* [Records provided]:
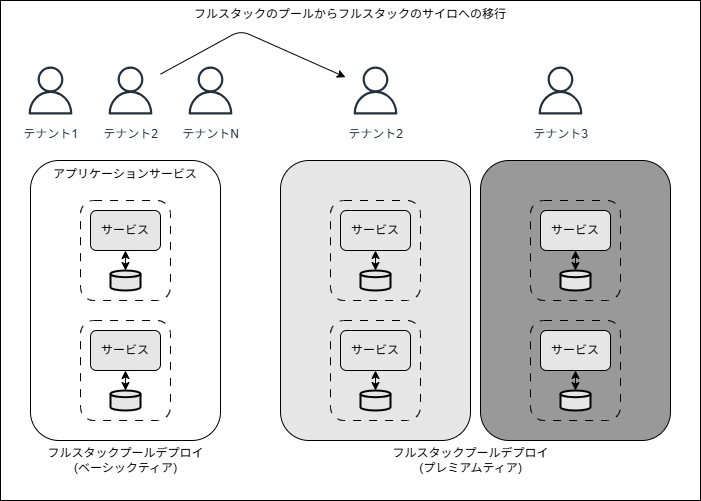

The diagram above was exported from draw.io. Its source (the exported page's mxGraphModel, read from the mxfile embedded in the PNG):
<mxGraphModel dx="1252" dy="637" grid="1" gridSize="10" guides="1" tooltips="1" connect="1" arrows="1" fold="1" page="1" pageScale="1" pageWidth="850" pageHeight="1100" math="0" shadow="0">
  <root>
    <mxCell id="0" />
    <mxCell id="1" parent="0" />
    <mxCell id="62" value="フルスタックのプールからフルスタックのサイロへの移行" style="rounded=0;whiteSpace=wrap;html=1;verticalAlign=top;fillColor=default;" vertex="1" parent="1">
      <mxGeometry x="80" y="40" width="700" height="500" as="geometry" />
    </mxCell>
    <mxCell id="2" value="アプリケーションサービス" style="rounded=1;whiteSpace=wrap;html=1;verticalAlign=top;" vertex="1" parent="1">
      <mxGeometry x="110" y="200" width="190" height="280" as="geometry" />
    </mxCell>
    <mxCell id="4" value="" style="rounded=1;whiteSpace=wrap;html=1;fillColor=none;strokeColor=default;dashed=1;dashPattern=8 8;" vertex="1" parent="1">
      <mxGeometry x="160" y="240" width="90" height="100" as="geometry" />
    </mxCell>
    <mxCell id="5" value="サービス" style="rounded=1;whiteSpace=wrap;html=1;fillColor=#E6E6E6;" vertex="1" parent="1">
      <mxGeometry x="170" y="250" width="70" height="40" as="geometry" />
    </mxCell>
    <mxCell id="7" style="edgeStyle=none;html=1;exitX=0.5;exitY=0;exitDx=0;exitDy=0;exitPerimeter=0;startArrow=classic;startFill=1;" edge="1" parent="1" source="6" target="5">
      <mxGeometry relative="1" as="geometry" />
    </mxCell>
    <mxCell id="6" value="" style="strokeWidth=2;html=1;shape=mxgraph.flowchart.database;whiteSpace=wrap;fillColor=#E6E6E6;" vertex="1" parent="1">
      <mxGeometry x="190" y="310" width="30" height="20" as="geometry" />
    </mxCell>
    <mxCell id="8" value="" style="rounded=1;whiteSpace=wrap;html=1;fillColor=none;strokeColor=default;dashed=1;dashPattern=8 8;" vertex="1" parent="1">
      <mxGeometry x="160" y="360" width="90" height="100" as="geometry" />
    </mxCell>
    <mxCell id="9" value="サービス" style="rounded=1;whiteSpace=wrap;html=1;fillColor=#E6E6E6;" vertex="1" parent="1">
      <mxGeometry x="170" y="370" width="70" height="40" as="geometry" />
    </mxCell>
    <mxCell id="10" style="edgeStyle=none;html=1;exitX=0.5;exitY=0;exitDx=0;exitDy=0;exitPerimeter=0;startArrow=classic;startFill=1;" edge="1" parent="1" source="11" target="9">
      <mxGeometry relative="1" as="geometry" />
    </mxCell>
    <mxCell id="11" value="" style="strokeWidth=2;html=1;shape=mxgraph.flowchart.database;whiteSpace=wrap;fillColor=#E6E6E6;" vertex="1" parent="1">
      <mxGeometry x="190" y="430" width="30" height="20" as="geometry" />
    </mxCell>
    <mxCell id="21" value="フルスタックプールデプロイ&lt;div&gt;(ベーシックティア)&lt;/div&gt;" style="text;html=1;align=center;verticalAlign=middle;resizable=0;points=[];autosize=1;strokeColor=none;fillColor=none;" vertex="1" parent="1">
      <mxGeometry x="115" y="480" width="180" height="40" as="geometry" />
    </mxCell>
    <mxCell id="32" value="" style="rounded=1;whiteSpace=wrap;html=1;verticalAlign=top;fillColor=#E6E6E6;" vertex="1" parent="1">
      <mxGeometry x="360" y="200" width="190" height="280" as="geometry" />
    </mxCell>
    <mxCell id="33" value="" style="rounded=1;whiteSpace=wrap;html=1;fillColor=none;strokeColor=default;dashed=1;dashPattern=8 8;" vertex="1" parent="1">
      <mxGeometry x="410" y="240" width="90" height="100" as="geometry" />
    </mxCell>
    <mxCell id="34" value="サービス" style="rounded=1;whiteSpace=wrap;html=1;fillColor=#E6E6E6;" vertex="1" parent="1">
      <mxGeometry x="420" y="250" width="70" height="40" as="geometry" />
    </mxCell>
    <mxCell id="35" style="edgeStyle=none;html=1;exitX=0.5;exitY=0;exitDx=0;exitDy=0;exitPerimeter=0;startArrow=classic;startFill=1;" edge="1" parent="1" source="36" target="34">
      <mxGeometry relative="1" as="geometry" />
    </mxCell>
    <mxCell id="36" value="" style="strokeWidth=2;html=1;shape=mxgraph.flowchart.database;whiteSpace=wrap;fillColor=#E6E6E6;" vertex="1" parent="1">
      <mxGeometry x="440" y="310" width="30" height="20" as="geometry" />
    </mxCell>
    <mxCell id="37" value="" style="rounded=1;whiteSpace=wrap;html=1;fillColor=none;strokeColor=default;dashed=1;dashPattern=8 8;" vertex="1" parent="1">
      <mxGeometry x="410" y="360" width="90" height="100" as="geometry" />
    </mxCell>
    <mxCell id="38" value="サービス" style="rounded=1;whiteSpace=wrap;html=1;fillColor=#E6E6E6;" vertex="1" parent="1">
      <mxGeometry x="420" y="370" width="70" height="40" as="geometry" />
    </mxCell>
    <mxCell id="39" style="edgeStyle=none;html=1;exitX=0.5;exitY=0;exitDx=0;exitDy=0;exitPerimeter=0;startArrow=classic;startFill=1;" edge="1" parent="1" source="40" target="38">
      <mxGeometry relative="1" as="geometry" />
    </mxCell>
    <mxCell id="40" value="" style="strokeWidth=2;html=1;shape=mxgraph.flowchart.database;whiteSpace=wrap;fillColor=#E6E6E6;" vertex="1" parent="1">
      <mxGeometry x="440" y="430" width="30" height="20" as="geometry" />
    </mxCell>
    <mxCell id="41" value="フルスタックプールデプロイ&lt;div&gt;(プレミアムティア)&lt;/div&gt;" style="text;html=1;align=center;verticalAlign=middle;resizable=0;points=[];autosize=1;strokeColor=none;fillColor=none;" vertex="1" parent="1">
      <mxGeometry x="460" y="480" width="180" height="40" as="geometry" />
    </mxCell>
    <mxCell id="42" value="" style="rounded=1;whiteSpace=wrap;html=1;verticalAlign=top;fillColor=#999999;" vertex="1" parent="1">
      <mxGeometry x="560" y="200" width="190" height="280" as="geometry" />
    </mxCell>
    <mxCell id="43" value="" style="rounded=1;whiteSpace=wrap;html=1;fillColor=none;strokeColor=default;dashed=1;dashPattern=8 8;" vertex="1" parent="1">
      <mxGeometry x="610" y="240" width="90" height="100" as="geometry" />
    </mxCell>
    <mxCell id="44" value="サービス" style="rounded=1;whiteSpace=wrap;html=1;fillColor=#E6E6E6;" vertex="1" parent="1">
      <mxGeometry x="620" y="250" width="70" height="40" as="geometry" />
    </mxCell>
    <mxCell id="45" style="edgeStyle=none;html=1;exitX=0.5;exitY=0;exitDx=0;exitDy=0;exitPerimeter=0;startArrow=classic;startFill=1;" edge="1" parent="1" source="46" target="44">
      <mxGeometry relative="1" as="geometry" />
    </mxCell>
    <mxCell id="46" value="" style="strokeWidth=2;html=1;shape=mxgraph.flowchart.database;whiteSpace=wrap;fillColor=#E6E6E6;" vertex="1" parent="1">
      <mxGeometry x="640" y="310" width="30" height="20" as="geometry" />
    </mxCell>
    <mxCell id="47" value="" style="rounded=1;whiteSpace=wrap;html=1;fillColor=none;strokeColor=default;dashed=1;dashPattern=8 8;" vertex="1" parent="1">
      <mxGeometry x="610" y="360" width="90" height="100" as="geometry" />
    </mxCell>
    <mxCell id="48" value="サービス" style="rounded=1;whiteSpace=wrap;html=1;fillColor=#E6E6E6;" vertex="1" parent="1">
      <mxGeometry x="620" y="370" width="70" height="40" as="geometry" />
    </mxCell>
    <mxCell id="49" style="edgeStyle=none;html=1;exitX=0.5;exitY=0;exitDx=0;exitDy=0;exitPerimeter=0;startArrow=classic;startFill=1;" edge="1" parent="1" source="50" target="48">
      <mxGeometry relative="1" as="geometry" />
    </mxCell>
    <mxCell id="50" value="" style="strokeWidth=2;html=1;shape=mxgraph.flowchart.database;whiteSpace=wrap;fillColor=#E6E6E6;" vertex="1" parent="1">
      <mxGeometry x="640" y="430" width="30" height="20" as="geometry" />
    </mxCell>
    <mxCell id="51" value="テナント1" style="sketch=0;outlineConnect=0;fontColor=#232F3E;gradientColor=none;strokeColor=#232F3E;fillColor=#ffffff;dashed=0;verticalLabelPosition=bottom;verticalAlign=top;align=center;html=1;fontSize=12;fontStyle=0;aspect=fixed;shape=mxgraph.aws4.resourceIcon;resIcon=mxgraph.aws4.user;" vertex="1" parent="1">
      <mxGeometry x="100" y="100" width="60" height="60" as="geometry" />
    </mxCell>
    <mxCell id="52" value="テナント2" style="sketch=0;outlineConnect=0;fontColor=#232F3E;gradientColor=none;strokeColor=#232F3E;fillColor=#ffffff;dashed=0;verticalLabelPosition=bottom;verticalAlign=top;align=center;html=1;fontSize=12;fontStyle=0;aspect=fixed;shape=mxgraph.aws4.resourceIcon;resIcon=mxgraph.aws4.user;" vertex="1" parent="1">
      <mxGeometry x="180" y="100" width="60" height="60" as="geometry" />
    </mxCell>
    <mxCell id="55" value="テナントN" style="sketch=0;outlineConnect=0;fontColor=#232F3E;gradientColor=none;strokeColor=#232F3E;fillColor=#ffffff;dashed=0;verticalLabelPosition=bottom;verticalAlign=top;align=center;html=1;fontSize=12;fontStyle=0;aspect=fixed;shape=mxgraph.aws4.resourceIcon;resIcon=mxgraph.aws4.user;" vertex="1" parent="1">
      <mxGeometry x="260" y="100" width="60" height="60" as="geometry" />
    </mxCell>
    <mxCell id="56" value="テナント2" style="sketch=0;outlineConnect=0;fontColor=#232F3E;gradientColor=none;strokeColor=#232F3E;fillColor=#ffffff;dashed=0;verticalLabelPosition=bottom;verticalAlign=top;align=center;html=1;fontSize=12;fontStyle=0;aspect=fixed;shape=mxgraph.aws4.resourceIcon;resIcon=mxgraph.aws4.user;" vertex="1" parent="1">
      <mxGeometry x="425" y="100" width="60" height="60" as="geometry" />
    </mxCell>
    <mxCell id="57" value="テナント3" style="sketch=0;outlineConnect=0;fontColor=#232F3E;gradientColor=none;strokeColor=#232F3E;fillColor=#ffffff;dashed=0;verticalLabelPosition=bottom;verticalAlign=top;align=center;html=1;fontSize=12;fontStyle=0;aspect=fixed;shape=mxgraph.aws4.resourceIcon;resIcon=mxgraph.aws4.user;" vertex="1" parent="1">
      <mxGeometry x="610" y="100" width="60" height="60" as="geometry" />
    </mxCell>
    <mxCell id="61" value="" style="endArrow=classic;html=1;" edge="1" parent="1" source="52" target="56">
      <mxGeometry width="50" height="50" relative="1" as="geometry">
        <mxPoint x="400" y="100" as="sourcePoint" />
        <mxPoint x="450" y="50" as="targetPoint" />
        <Array as="points">
          <mxPoint x="320" y="70" />
        </Array>
      </mxGeometry>
    </mxCell>
  </root>
</mxGraphModel>

* [Problem description]: Your task is to collect every line above that contains the word "text".

* [Response box]:
    <mxCell id="21" value="フルスタックプールデプロイ&lt;div&gt;(ベーシックティア)&lt;/div&gt;" style="text;html=1;align=center;verticalAlign=middle;resizable=0;points=[];autosize=1;strokeColor=none;fillColor=none;" vertex="1" parent="1">
    <mxCell id="41" value="フルスタックプールデプロイ&lt;div&gt;(プレミアムティア)&lt;/div&gt;" style="text;html=1;align=center;verticalAlign=middle;resizable=0;points=[];autosize=1;strokeColor=none;fillColor=none;" vertex="1" parent="1">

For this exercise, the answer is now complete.